# Microsoft Office Application Help - Excel Help forum > For Other Platforms(Mac, Google Docs, Mobile OS etc) >  >  If Dates in range equal today then copy cell x

## Greg420

Hi,

I am stuck. This should be easy for a pro (or maybe I am an idiot).

I have a sheet I use to calculate when I need to study chapters for my exams. 
Column A equals Chapters
Rows B2-E8 equal Dates for revision

Now Id like to have a column that displays only chapters equal to todays date. 

If possible results should be on a second sheet.


I've tried if then functions. All I get is errors.

Any help is greatly appreciated.

Thanks. Greg

----------


## Richard Buttrey

Hi,

Have you considered filtering the data?

----------


## adyteo

Can you upload a sample?

----------


## Richard Buttrey

> Can you upload a sample?



Yes, if you'd like to share your workbook with us. As I implied a filter is almost certainly going to be simpler. Either an autofilter which simply filters the sheet with the data, or an advanced filter which copies the data to another sheet, which would need a single line of macro code if you needed that automating.

Also update your profile with your version of Excel. There are differences between 97-2003, 2007, 2010 and 2013 and sometimes its important to know this.

----------


## Greg420

> Hi,
> 
> Have you considered filtering the data?



Yes and no.

I did filter the data. but, I'd like the "today schedule" to be on a second table.
So, I don't really know how and if what I am trying to do is possible via filters.

----------


## Greg420

I use google docs. so, I guess I'd need your email address.

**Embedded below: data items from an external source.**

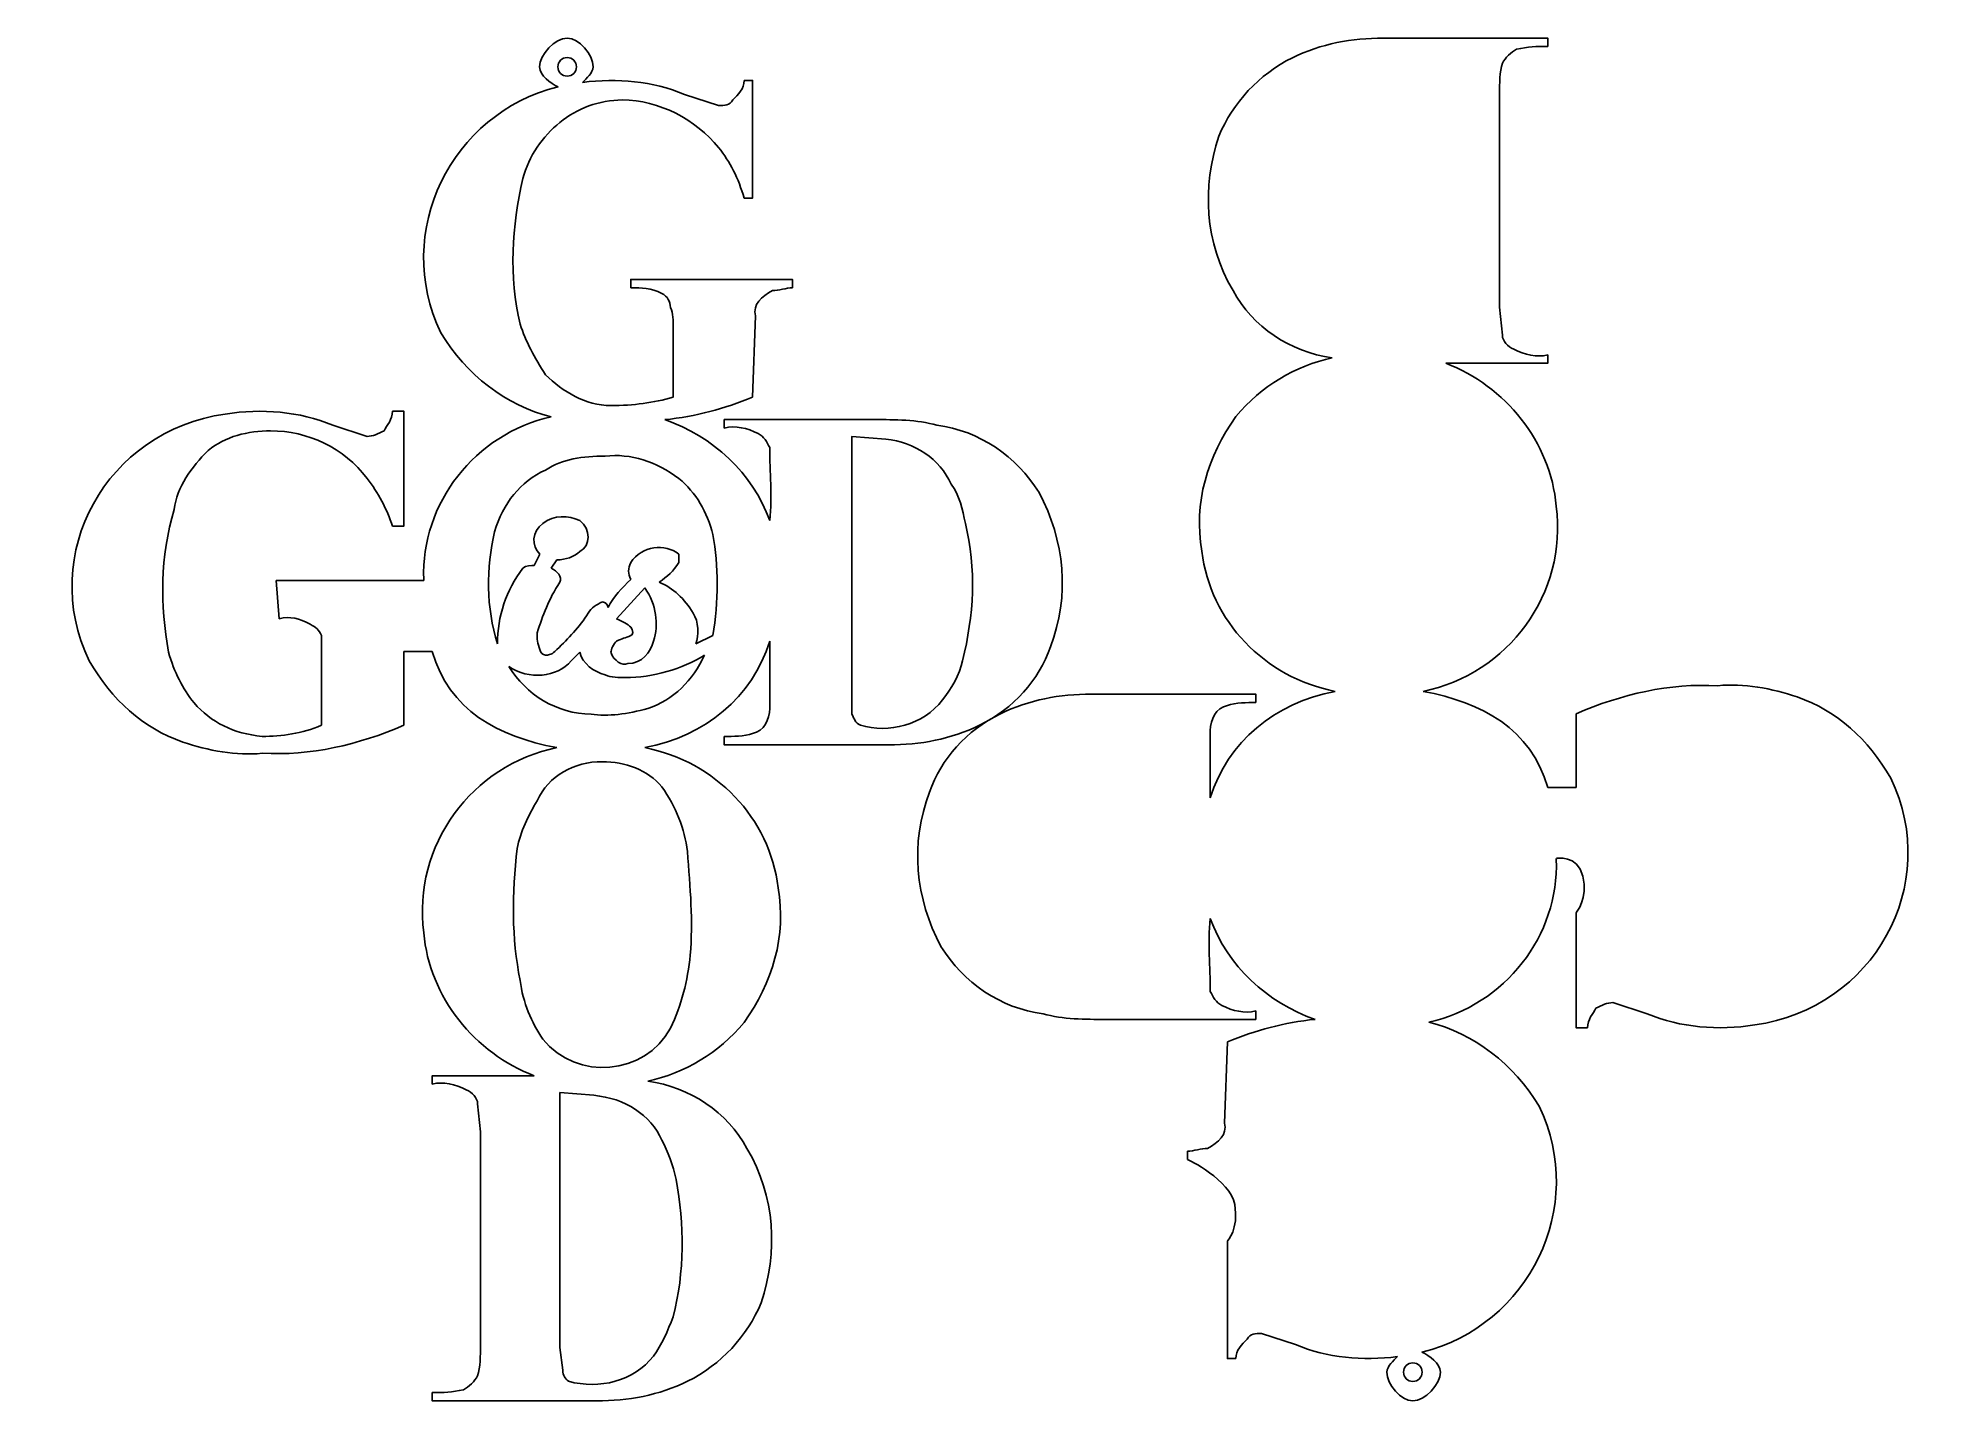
# Model space of a CAD drawing. Extents: x -18 to 1016, y 960 to 1701.
import ezdxf

# ---------------------------------------------------------------- set-up
doc = ezdxf.new("R2010")
doc.units = 0
doc.layers.add('H0104_Printing', color=7, linetype='CONTINUOUS')

msp = doc.modelspace()

# ---------------------------------------------------------------- linework, layer by layer
at = {"layer": 'H0104_Printing', "color": 7}
for points in [[(802.01828, 1696.094958), (802.01828, 1700.664957), (712.653282, 1700.664957)], [(365.363191, 1613.70906), (369.986191, 1613.70906), (369.986191, 1677.690058), (365.363191, 1677.690058)], [(351.496191, 1663.979058), (333.007192, 1670.073058)], [(777.366281, 1539.191962), (775.825281, 1554.424961), (775.825281, 1670.198958)], [(391.55719, 1564.963061), (391.55719, 1569.533061), (303.732192, 1569.533061), (303.732192, 1564.963061)], [(326.844192, 1543.636061), (326.844192, 1505.553062)], [(369.986191, 1505.553062), (371.527191, 1549.729061)], [(746.550281, 1523.958962), (802.01828, 1523.958962), (802.01828, 1528.528962)], [(160.439196, 1484.226063), (141.949196, 1490.320063)], [(174.306196, 1435.480064), (180.469195, 1435.480064), (180.469195, 1497.936063), (174.306196, 1497.936063)], [(436.240189, 1493.366063), (354.578191, 1493.366063), (354.578191, 1488.797063)], [(423.913189, 1333.416067), (423.913189, 1345.603066), (423.913189, 1484.226063), (442.403189, 1482.703063)], [(254.427194, 1420.246064), (251.345194, 1414.153065)], [(329.925192, 1415.677065), (329.925192, 1420.246064)], [(260.590193, 1412.630065), (263.671193, 1417.200065)], [(191.254195, 1406.536065), (191.201195, 1405.931065), (111.080197, 1405.931065), (112.674197, 1385.210065)], [(296.028193, 1385.210065), (311.436192, 1401.967065)], [(135.786197, 1376.070066), (135.786197, 1363.883066), (135.786197, 1327.323067)], [(348.415191, 1376.070066), (339.170192, 1371.500066)], [(180.469195, 1327.323067), (180.469195, 1361.263066), (180.469195, 1367.357066), (195.877195, 1367.357066)], [(271.375193, 1362.360066), (275.998193, 1366.930066)], [(379.230191, 1373.024066), (379.230191, 1336.464067)], [(643.317284, 1339.635967), (643.317284, 1344.205966), (553.952286, 1344.205966)], [(618.665285, 1287.841968), (618.665285, 1324.401967)], [(817.42628, 1333.542967), (817.42628, 1299.602968), (817.42628, 1293.508968), (802.01828, 1293.508968)], [(354.578191, 1321.230067), (354.578191, 1316.660067), (443.944189, 1316.660067)], [(806.64128, 1254.329969), (806.69428, 1254.934969)], [(817.42628, 1225.385969), (817.42628, 1225.385969), (817.42628, 1162.929971), (823.589279, 1162.929971)], [(561.655286, 1167.498971), (643.317284, 1167.498971), (643.317284, 1172.068971)], [(837.456279, 1176.639971), (855.946279, 1170.545971)], [(627.909284, 1155.312971), (626.369284, 1111.136972)], [(251.345194, 1136.907072), (195.877195, 1136.907072), (195.877195, 1132.337072)], [(266.753193, 976.958076), (265.212193, 989.144075), (265.212193, 1127.767072), (283.702193, 1126.244072)], [(220.529194, 1121.674072), (222.070194, 1106.441072), (222.070194, 990.667075)], [(606.338285, 1095.902973), (606.338285, 1091.332973)], [(627.909284, 1047.156974), (627.909284, 983.175975), (632.532284, 983.175975)], [(646.399284, 996.886975), (664.888283, 990.792975)], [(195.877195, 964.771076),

or i could send it as ms or open office.

would that work?

----------


## Greg420

yes, automation would be necessary.

I have 3 subjects to study. these are broken down into 15-20 "sessions". 

As of now I enter the date I studied into my table. It then gives my the dates for repetition-sessions.

the "today-sessions" are highlighted red.

So, I every morning I need to pull up the file and scroll to find "today"….


Does that make sense?

----------


## Richard Buttrey

> I use google docs. so, I guess I'd need your email address.
> 
> or i could send it as ms or open office.
> 
> would that work?



Hi,

As I said earlier, (I assumed you were using Excel) then this is meat and drink to Excel. 

However AFAIAA the google docs equivalent doesn't have macro capability so you couldn't therefore filter to a separate sheet. Is there any reason why just filtering the data in place isn't a solution? Why do you need a separate extract?

----------


## Greg420

Hm, because I don't like scrolling the tables (too big).

I think it would make my day to day schedule planning  easier. 


Gesendet von meinem iPhone mit Tapatalk

----------


## Richard Buttrey

> Hm, because I don't like scrolling the tables (too big).
> 
> I think it would make my day to day schedule planning  easier. 
> 
> 
> Gesendet von meinem iPhone mit Tapatalk



Hi,

Why the concern about scrolling? The whole point of filtering data is to hide all the stuff you don't want to see. i.e. with data filtered you'll not be scrolling any further than you would with the same visible data extracted to a new sheet.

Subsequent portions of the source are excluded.